Tuesday, April 26, 2011

Review & Outlook: Bernanke's Inflation Paradox - WSJ.com

The Federal Reserve's Open Market Committee meets again today, and we suppose congratulations of a sort are in order. Last September, the committee declared that it wanted prices to rise more rapidly, and on that score it has succeeded. The question now is whether the Fed's success in promoting inflation is undermining the economic recovery it claims to be supporting.

This is the paradox of exceptionally easy monetary policy, and rarely has it been as obvious as it is today. The Fed has flooded the world with dollar liquidity that by its reckoning has lifted stock and other asset prices, eliminated the risk of deflation (if such a risk really existed), and prevented a double-dip recession. Wall Street and the White House are delighted.

On the other hand, this dollar flood has also contributed to a boom in commodity prices around the world, spurred inflation in countries with links to the dollar, and prompted investors to seek returns in non-dollar assets that are often risky and in many cases will prove to be a misallocation of capital. All of this, in turn, has reduced growth in real incomes, undermined consumer confidence and raised doubts about the durability of the recovery. The American middle class doesn't feel any richer.

Call this the price of putting all of your economic expansion hopes in Ben Bernanke's monetary basket.

The Fed Chairman still sees only the bright side, much as he did during the Fed's previous easy money binge in 2003-2005. "I think the increase in inflation will be transitory," Mr. Bernanke said earlier this month in Stone Mountain, Georgia, blaming high oil and food prices on "global supply and demand conditions." The Fed's sages assure us that the "core" rate of inflation that doesn't include food and energy is rising slowly, and that the oil problem will dissipate. As for inflation in the rest of the world, Mr. Bernanke says that's not his problem.

But it is already proving to be ours. Rising prices for raw materials and components are starting to flow through to U.S. goods. Kimberly-Clark, the consumer products maker, reported a sharp profit fall yesterday on rising costs and announced plans to raise prices on most of its North American products. Do Kleenex and Huggies qualify as core price increases?

The nearby chart shows the monthly increases in producer prices for finished goods since the Fed announced its second round of "quantitative easing" (QE2) last year.

Bloomberg News

The press is busy speculating about if and how the Fed will extricate itself from QE2, which clearly matters. But the larger problem is America's overreliance on the Fed as the driver of economic growth. With the failure of their stimulus spending plans, prominent Keynesian economists and pundits in particular have been flogging the Fed to do more. They seem to think Mr. Bernanke must save the dimming reputation of Obamanomics.

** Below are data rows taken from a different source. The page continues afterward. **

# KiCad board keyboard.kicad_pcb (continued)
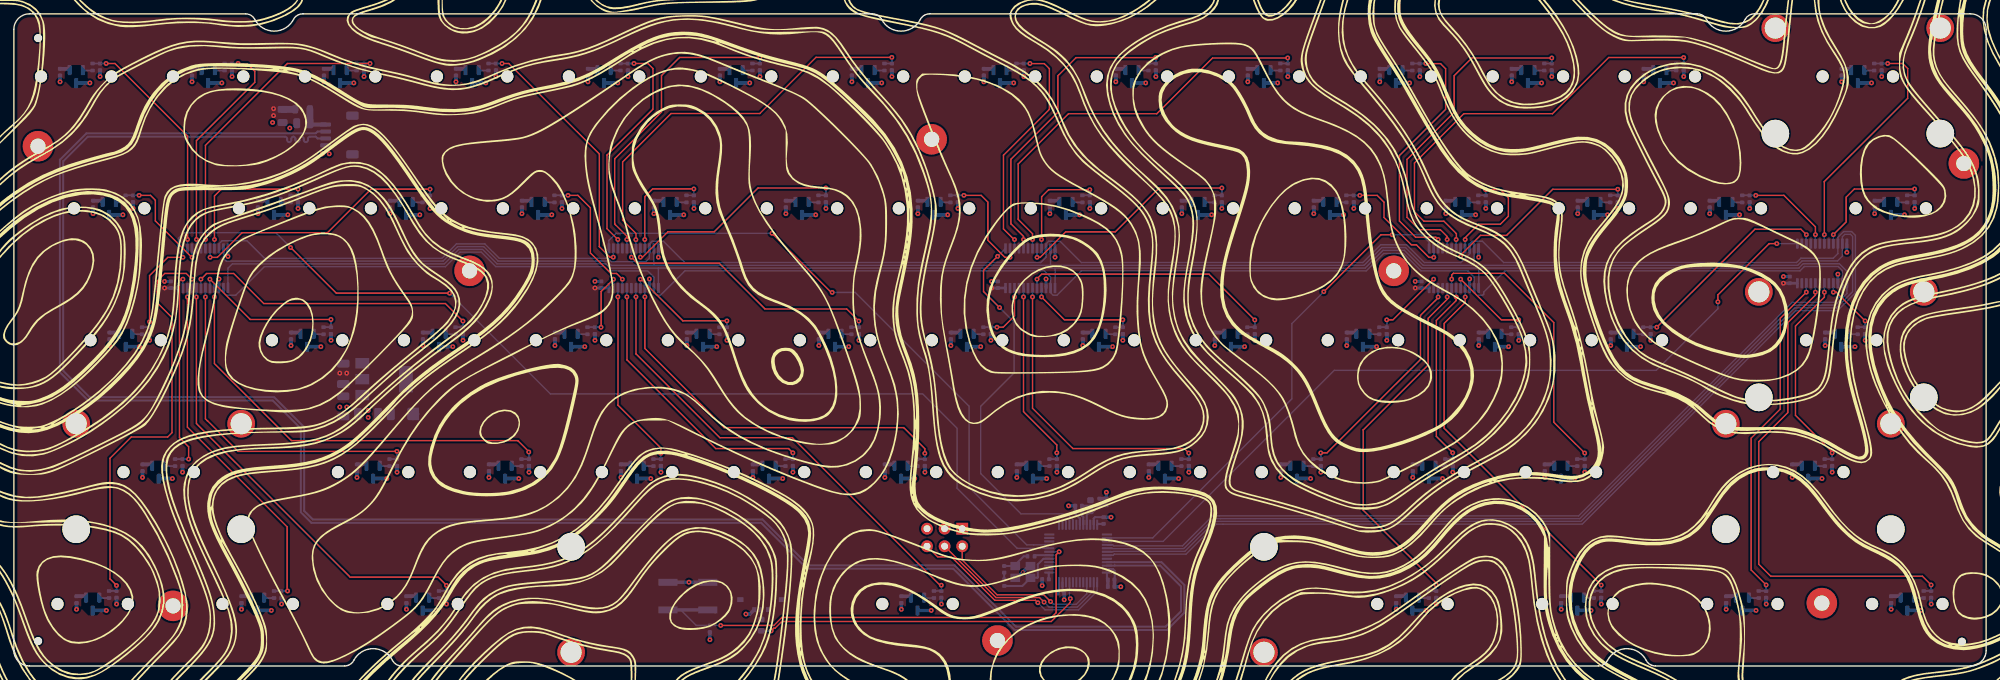
[diagram p0: board, top side]
## Footprints (pads in the part's own frame, mm; a bottom-side part is the same pattern mirrored in y, then rotated)
C_0402_1005Metric
  rrect 0.56x0.62 smd: 1(-0.48,0) 2(0.48,0)
C_0805_2012Metric
  rrect 1x1.45 smd: 1(-0.95,0) 2(0.95,0)
C_1206_3216Metric
  rrect 1.15x1.8 smd: 1(-1.475,0) 2(1.475,0)
Crystal_SMD_3225-4Pin_3.2x2.5mm
  rect 1.4x1.2 smd: 1(-1.1,-0.85) 2(1.1,-0.85) 3(1.1,0.85) 4(-1.1,0.85)
JST_SH_SM04B-SRSS-TB_1x04-1MP_P1.00mm_Horizontal
  rrect 0.6x1.55 smd: 1(-1.5,2) 2(-0.5,2) 3(0.5,2) 4(1.5,2)
  rrect 1.2x1.8 smd: MP(-2.8,-1.875) MP(2.8,-1.875)
L_0603_1608Metric
  rrect 0.875x0.95 smd: 1(-0.787,0) 2(0.787,0)
L_0805_2012Metric
  rrect 0.875x1.2 smd: 1(-1.062,0) 2(1.062,0)
LQFP-48_7x7mm_P0.5mm
  rrect 1.475x0.3 smd: 1(-4.162,2.75) 2(-4.162,2.25) 3(-4.162,1.75) 4(-4.162,1.25) 5(-4.162,0.75) 6(-4.162,0.25) 7(-4.162,-0.25) 8(-4.162,-0.75) 9(-4.162,-1.25) 10(-4.162,-1.75) 11(-4.162,-2.25) 12(-4.162,-2.75) 25(4.162,-2.75) 26(4.162,-2.25) 27(4.162,-1.75) 28(4.162,-1.25) 29(4.162,-0.75) 30(4.162,-0.25) 31(4.162,0.25) 32(4.162,0.75) 33(4.162,1.25) 34(4.162,1.75) 35(4.162,2.25) 36(4.162,2.75)
  rrect 0.3x1.475 smd: 13(-2.75,-4.162) 14(-2.25,-4.162) 15(-1.75,-4.162) 16(-1.25,-4.162) 17(-0.75,-4.162) 18(-0.25,-4.162) 19(0.25,-4.162) 20(0.75,-4.162) 21(1.25,-4.162) 22(1.75,-4.162) 23(2.25,-4.162) 24(2.75,-4.162) 37(2.75,4.162) 38(2.25,4.162) 39(1.75,4.162) 40(1.25,4.162) 41(0.75,4.162) 42(0.25,4.162) 43(-0.25,4.162) 44(-0.75,4.162) 45(-1.25,4.162) 46(-1.75,4.162) 47(-2.25,4.162) 48(-2.75,4.162)
MountingHole_2.2mm_M2_Pad
  round 4.4 hole 2.2: 1(0,0)
NetTie-2_SMD_Pad0.5mm
  round 0.2 smd: 1(-0.5,0) 2(0.5,0)
PinSocket_2x03_P2.54mm_Vertical
  rect 1.7x1.7 hole 1: 1(0,0)
  oval 1.7x1.7 hole 1: 2(-2.54,0) 3(0,-2.54) 4(-2.54,-2.54) 5(0,-5.08) 6(-2.54,-5.08)
R_0402_1005Metric
  rrect 0.54x0.64 smd: 1(-0.51,0) 2(0.51,0)
R_0603_1608Metric
  rrect 0.8x0.95 smd: 1(-0.825,0) 2(0.825,0)
R_1206_3216Metric
  rrect 1.125x1.75 smd: 1(-1.462,0) 2(1.462,0)
SLSS49E-3 with MX holes 3
  round 1.75 hole 1.75 unplated: (-5.08,0) (5.08,0)
  rrect 0.6x1.475 smd: 1(0.95,0.917) 2(-0.95,0.917) 3(0,-0.958)
SOT-223-3_TabPin2
  rect 2x1.5 smd: 1(-3.15,2.3) 2(-3.15,0) 3(-3.15,-2.3)
  rect 2x3.8 smd: 2(3.15,0)
SSAJ120100
  rect 0.6x0.7 smd: 1(-1,1.3) 2(1,1.3) C(0,1.3)
  rect 0.9x0.7 smd: NC(-3,-0.15) NC1(3,-0.15)
STAB_MX_P_2.25u
  round 4 hole 3.048: (-11.906,6.985) (11.906,6.985)
  round 3.988 hole 3.988 unplated: (-11.906,-8.255) (11.906,-8.255)
STAB_MX_P_2.75u
  round 4 hole 3.048: (-11.906,6.985) (11.906,6.985)
  round 3.988 hole 3.988 unplated: (-11.906,-8.255) (11.906,-8.255)
STAB_MX_P_2u
  round 4 hole 3.048: (-11.906,6.985) (11.906,6.985)
  round 3.988 hole 3.988 unplated: (-11.906,-8.255) (11.906,-8.255)
STAB_MX_P_6.25u
  round 4 hole 3.048: (-50.006,6.985) (50.006,6.985)
  round 3.988 hole 3.988 unplated: (-50.006,-8.255) (50.006,-8.255)
SW_SPST_B3SL-1002P
  rect 2.75x1 smd: 1(-2.875,2) 1(2.875,2) 2(-2.875,-2) 2(2.875,-2)
ToolingHole
  round 1.152 hole 1.152 unplated: (0.028,0.59)
TSSOP-24_4.4x7.8mm_P0.65mm
  rrect 1.475x0.4 smd: 1(-2.862,3.575) 2(-2.862,2.925) 3(-2.862,2.275) 4(-2.862,1.625) 5(-2.862,0.975) 6(-2.862,0.325) 7(-2.862,-0.325) 8(-2.862,-0.975) 9(-2.862,-1.625) 10(-2.862,-2.275) 11(-2.862,-2.925) 12(-2.862,-3.575) 13(2.862,-3.575) 14(2.862,-2.925) 15(2.862,-2.275) 16(2.862,-1.625) 17(2.862,-0.975) 18(2.862,-0.325) 19(2.862,0.325) 20(2.862,0.975) 21(2.862,1.625) 22(2.862,2.275) 23(2.862,2.925) 24(2.862,3.575)

## Nets
+3.3VA: C4.1 C5.1 C6.1 C7.1 FB1.1 U1.20 U1.21
+3V3: C1.1 C3.1 C8.1 C9.1 C11.1 C18.1 C24.1 C26.1 C28.1 C30.1 C32.1 C34.1 C36.1 C38.1 C40.1 C42.1 C44.1 C46.1 C48.1 C50.1 C52.1 C54.1 C56.1 C58.1 C60.1 C62.1 C64.1 C66.1 C68.1 C70.1 C72.1 C74.1 C76.1 C78.1 C80.1 C82.1 C84.1 C86.1 C88.1 C90.1 C92.1 C94.1 C96.1 C98.1 C100.1 C102.1 C104.1 C106.1 C108.1 C110.1 C112.1 C114.1 C116.1 C118.1 C120.1 C122.1 C124.1 C126.1 C128.1 C130.1 C132.1 C134.1 C136.1 C138.1 C140.1 C143.1 FB1.2 HALL1.1 HALL2.1 HALL3.1 HALL4.1 HALL5.1 HALL6.1 HALL7.1 HALL8.1 HALL9.1 HALL10.1 HALL11.1 HALL12.1 HALL13.1 HALL14.1 HALL15.1 HALL16.1 HALL17.1 HALL18.1 HALL19.1 HALL20.1 HALL21.1 HALL22.1 HALL23.1 HALL24.1 HALL25.1 HALL26.1 HALL27.1 HALL28.1 HALL29.1 HALL30.1 HALL31.1 HALL32.1 HALL33.1 HALL34.1 HALL35.1 HALL36.1 HALL37.1 HALL38.1 HALL39.1 HALL40.1 HALL41.1 HALL42.1 HALL43.1 HALL44.1 HALL45.1 HALL46.1 HALL47.1 HALL48.1 HALL49.1 HALL50.1 HALL51.1 HALL52.1 HALL53.1 HALL54.1 HALL55.1 HALL56.1 HALL57.1 HALL58.1 HALL59.1 HALL60.1 HALL61.1 NT1.2 SWD1.5 U1.1 U1.24 U1.36 U1.48 U3.2
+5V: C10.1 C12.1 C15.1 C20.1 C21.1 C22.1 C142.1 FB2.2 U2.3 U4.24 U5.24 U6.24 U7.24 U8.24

But the Fed has already kept interest rates close to zero for 28 months, purchased mortgage-backed securities and Treasurys at unprecedented levels, and blown out its balance sheet to $2.7 trillion. America hasn't run a monetary policy this loose in modern history. It was possible to justify such extreme measures at the height of the financial panic, but by now the recovery is nearly two years old. The expansion may be mediocre, but at least the economy is growing.

We too want faster economic growth, but the keys to that are fiscal and other reforms that would reverse the policies of the last four years. Much lower spending and tax reform, freer trade, fewer new regulations, an end to foreclosure mitigation and banker harassment, and repealing ObamaCare's job-killing taxes and mandates, among others.

Meanwhile, the longer the Fed keeps the dollar flood going, the greater the risks of serious economic harm. We aren't prescient enough to know what form that damage will take, but the danger signs are everywhere. In China, truckers are on strike to protest rising fees from that country's inflation. In the Middle East, food price increases add to the sense of injustice driving political protests.

And around the world, investors reach for investments—gold, silver, Iowa farmland, emerging market stocks—to hedge against the decline in the value of dollar assets or to bet on booming commodity prices. This dollar flood can't last forever, and when it stops the reckoning could be—for many it will be—harsh.

As for Mr. Bernanke's confidence that inflation will be transitory, we hope he's right. But we also recall his confidence in May 2007 when he declared that "Given the fundamental factors in place that should support the demand for housing, we believe the effect of the troubles in the subprime sector on the broader housing market will likely be limited." We know how that turned out.